MHB Linear Dependency: Max Size of Subset of Vectors

[Yankel]

Hello all,

I have this set of vectors:

(1,1) , (-2,-2) , (0,0) , (3,-2)

I need to say if it linearly dependent, and I need to find the maximum size of the subset of this set, which is linearly independent.

What I think, is that as long as (0,0) is there, it must be dependent. In addition, (1,1) and (-2,-2) are also dependent. Thus if I had to guess, I would say the maximum size is 2 vectors, (3,-2) and either (1,1) or (-2,-2). My question is, am I right, or am I missing something ?

Thanks !

 

[Sudharaka]

Hello all,

I have this set of vectors:

(1,1) , (-2,-2) , (0,0) , (3,-2)

I need to say if it linearly dependent, and I need to find the maximum size of the subset of this set, which is linearly independent.

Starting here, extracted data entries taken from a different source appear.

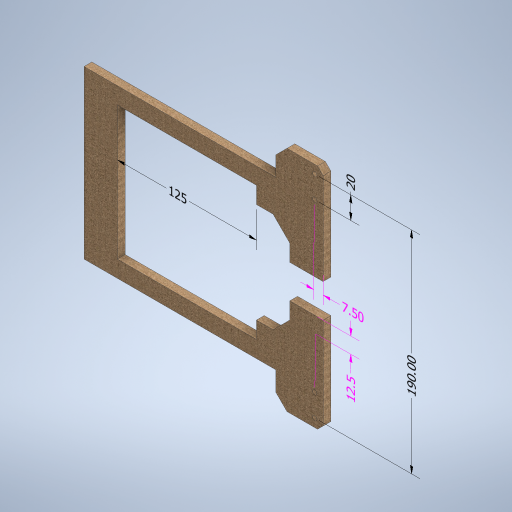
# Autodesk Inventor part: Marco
Saved by Autodesk Inventor 2023.1 (Build 271208000, 208)
## iProperties
Created: 2022-10-28
Part Number: Marco
Material: MDF Medium Density Fiberboard
Document SubType Name: Modeling
Designer: Daniel Peña
Density: 0.8 g/cm^3
Appearance: Cardboard - Corrugated
Author: Daniel Peña
Autodesk Inventor part; units mm, degrees
ref_plane "YZ Plane" through (0, 0, 0) normal (1, 0, 0) x (0, 1, 0)
ref_plane "XZ Plane" through (0, 0, 0) normal (0, 1, 0) x (-1, 0, 0)
ref_plane "XY Plane" through (0, 0, 0) normal (0, 0, 1) x (1, 0, 0)
sketch "Sketch1" plane through (0, 0, 0) normal (0, 0, 1) x (1, 0, 0)
  line L0 (-100, -75) -> (100, -75) projected
  line L1 (100, -75) -> (100, 75) projected
  line L2 (100, 75) -> (-100, 75) projected
  line L3 (-100, 75) -> (-100, -75) projected
  line L4 (-70, -60) -> (55, -60)
  line L5 (55, 60) -> (-70, 60)
  line L6 (-70, 60) -> (-70, 15)
  line L7 (-70, -15) -> (-70, -60)
  line L8 (151.2343, 15) -> (1.2343, 15) projected
  line L9 (1.2343, -15) -> (151.2343, -15) projected
  line L10 (85, -30) -> (85, -15)
  line L11 (85, 15) -> (85, 30)
  line L12 (-100, 75) -> (72.5, 75)
  line L13 (72.5, -75) -> (-100, -75)
  line L14 (-100, -75) -> (-100, 75)
  line L15 (100, -15) -> (85, -15)
  line L16 (100, 15) -> (85, 15)
  line L17 (-100, 0) -> (100, 0) construction
  line L18 (70, 45) -> (70, -45) projected
  line L19 (70, -45) -> (-70, -45) projected
  line L20 (-70, -45) -> (-70, 45) projected
  line L21 (-70, 45) -> (70, 45) projected
  line L22 (-70, 15) -> (-70, -15)
  line L23 (85, -30) -> (70, -45)
  line L24 (70, -45) -> (55, -45)
  line L25 (55, -45) -> (55, -60)
  line L26 (85, 30) -> (70, 45)
  line L27 (70, 45) -> (55, 45)
  line L28 (55, 45) -> (55, 60)
  line L29 (100, -102.5) -> (110, -102.5)
  line L30 (115, -97.5) -> (115, -67.5)
  line L31 (110, -102.5) -> (115, -97.5)
  line L32 (100, -15) -> (115, -15)
  line L33 (115, -67.5) -> (115, -15)
  line L34 (72.5, -75) -> (72.5, -92.5)
  line L35 (82.5, -102.5) -> (100, -102.5)
  line L36 (72.5, -92.5) -> (82.5, -102.5)
  line L37 (100, 102.5) -> (110, 102.5)
  line L38 (115, 97.5) -> (115, 67.5)
  line L39 (110, 102.5) -> (115, 97.5)
  line L40 (100, 15) -> (115, 15)
  line L41 (115, 67.5) -> (115, 15)
  line L42 (72.5, 75) -> (72.5, 92.5)
  line L43 (82.5, 102.5) -> (100, 102.5)
  line L44 (72.5, 92.5) -> (82.5, 102.5)
  point P0 (0, 0)
  point P1 (85, -60)
  point P2 (85, 60)
  point P3 (100, 15)
  point P4 (100, -15)
  point P5 (-70, 15)
  point P6 (85, -22.5)
  point P7 (70, 15)
  point P8 (70, -15)
  point P9 (115, -102.5)
  point P10 (100, -55)
  point P11 (107.5, 75)
  point P12 (107.5, 95)
  point P13 (107.5, -75)
  point P14 (107.5, -95)
  point P15 (72.5, -102.5)
  dimension "d3" = 15
  dimension "d4" = 15
  dimension "d5" = 30
  dimension "d13" = 30
  dimension "d17" = 5
  dimension "d18" = 5
  dimension "d74" = 20
  dimension "d76" = 150
  dimension "d78" = 27.5
  dimension "d79" = 10
  dimension "d80" = 10
  constraints: 70 end point, 15 point on line, 14 symmetric about line, 3 collinear, 3 midpoint, 2 horizontal, 2 perpendicular, 1 parallel, 1 vertical alignment, 3 other
  measures "d3" distance between parallel lines of L1 L11
  measures "d4" distance between parallel lines of L12 L5
  measures "d5" distance between parallel lines of L3 L6
  measures "d13" distance of L5.start point (85, 60)
  measures "d17" distance of L29.end point (115, -102.5)
  measures "d18" distance of L30.start point (115, -102.5)
  measures "d74" distance of point (107.5, 95) point (107.5, 75)
  measures "d76" distance of point (107.5, -75) point (107.5, 75)
  measures "d78" distance of L35.end point (72.5, -102.5)
  measures "d79" distance of L34.end point (72.5, -102.5)
  measures "d80" distance of L35.start point (72.5, -102.5)
extrude "Extrusion1" add sketch "Sketch1" along normal blind 7 contours L3 L2 L1 L8 L11 L26 L21 L28 L5 L6 L20 L7 L4 L25 L19 L23 L10 L9 L0 | L0 L1 L9 L33 L30 L31 L29 L35 L36 L34 | L42 L44 L43 L37 L39 L38 L41 L8 L1 L2
sketch "Sketch2" plane through (0, 0, 7) normal (0, 0, 1) x (1, 0, 0)
  line L0 (-70, -60) -> (-70, 60) construction
  line L1 (-70, 0) -> (130.7679, 0) construction
  line L2 (115, -97.5) -> (115, -15) construction
  line L3 (-100, -102.5) -> (110, -102.5) construction
  line L4 (115, -15) -> (85, -15) construction
  point P0 (0, 0)
  point P1 (107.5, -75)
  point P2 (107.5, -95)
  point P3 (107.5, 75)
  point P4 (107.5, 95)
  point P5 (115, -20)
  point P6 (-100, -75)
  point P7 (110, -15)
  point P8 (115, -20)
  point P9 (100, -15)
  dimension "d21" = 7.5
  dimension "d24" = 7.5
  dimension "d32" = 20
  dimension "d73" = 150
  constraints: 2 end point, 2 symmetric about line, 1 horizontal, 1 midpoint
  measures "d21" distance from line of L2 point (107.5, -95)
  measures "d24" distance from line of L2 point (107.5, -75)
  measures "d32" distance of point (107.5, -95) point (107.5, -75)
  measures "d73" distance of point (107.5, -75) point (107.5, 75)
hole "Hole1" at (107.5, -75, 7) at (107.5, -95, 7) at (107.5, 75, 7) at (107.5, 95, 7) direction (0, 0, -1) diameter 4 end through all
body "Solid1"

What I think, is that as long as (0,0) is there, it must be dependent. In addition, (1,1) and (-2,-2) are also dependent. Thus if I had to guess, I would say the maximum size is 2 vectors, (3,-2) and either (1,1) or (-2,-2). My question is, am I right, or am I missing something ?

Thanks !

Hi Yankel, :)

You are correct. $(0,\,0)$ is indeed linearly dependent upon any of the remaining vectors as it could be obtained by multiplying a vector by $0$; for example $(0,\,0)=0(1,\,1)$, Also $(1,\,1)$ and $(-2,\,-2)$ are linearly dependent since, $(-2,\,-2)=-2(1,\,1)$. Then it could be shown that the sets $\{(1,\,1),\,(3,\,-2)\}$ and $\{(-2,\,-2),\,(3,\,-2)\}$ are linearly independent. In the case of $\{(1,\,1),\,(3,\,-2)\}$, let,

\[\alpha(1,\,1)+\beta(3,\,-2)=0\]

and show that both $\alpha$ and $\beta$ should be equal to zero.

 

[Deveno]

In a sense, linear dependency is a measure of "spanning redundancy". For example, adding the 0-vector never gives us any new vectors in the span, and we already can realize the 0-vector as a linear combination of any other set $\{v_1,\dots,v_k\}$ as:

$0v_1 + 0v_2 + \cdots + 0v_k$.

in the same way if:

$v_2 = cv_1$ for a non-zero $c$, then we can replace any linear combination containing $v_2$ with $cv_1$.

For example, the linear combination:

$a_1v_1 + a_2v_2 + a_3v_3 + \cdots +a_kv_k$

is equal to:

$(a_1 + ca_2)v_1 + a_3v_3 + \cdots a_kv_k$

We might have just as well eliminated $v_1$ in this case, replacing it with $\dfrac{1}{c}v_2$ in any linear combination.

This situation is a bit more complicated if we have something like:

$v_3 = b_1v_1 + b_2v_2$

as we might decide to keep $\{v_1,v_2\},\{v_1,v_3\}$ or $\{v_2,v_3\}$.

Generally speaking, the more dimensions we have in our space, the more chances we have of the linear dependency relations being "complicated". For $\text{dim}(V) > 4$ I wouldn't trust "elimination by inspection" but form a matrix from the vector-set and compute its rank.

***********

In this particular problem, you have some information to go off of straight off the bat:

The dimension of your vector space is two (because each vector has only two coordinates, and some vectors with non-zero coordinates in each position exist in your set).

So at most, two of your vectors can be linearly independent.

Since (0,0) ALWAYS makes any set you add it to linearly dependent, get rid of it.

Pick anyone of the 3 remaining non-zero vectors. Now we have a linearly independent set of one vector (which spans a one-dimensional subspace of our two-dimensional vector space).

Now pick a 2nd vector...is it a scalar multiple of the first vector (that is: does it lie in the subspace generated by the first vector)? If so, get rid of it, you don't need it.

Otherwise, it is linearly independent from the first vector and you are done.

Repeat this procedure until you have exhausted the set, or obtained two linearly independent vectors (which is the maximum possible).

(If we had MORE dimensions, we would have to check for a third vector, and we would have to check our 3rd choice was not in the subspace spanned by our first two choices).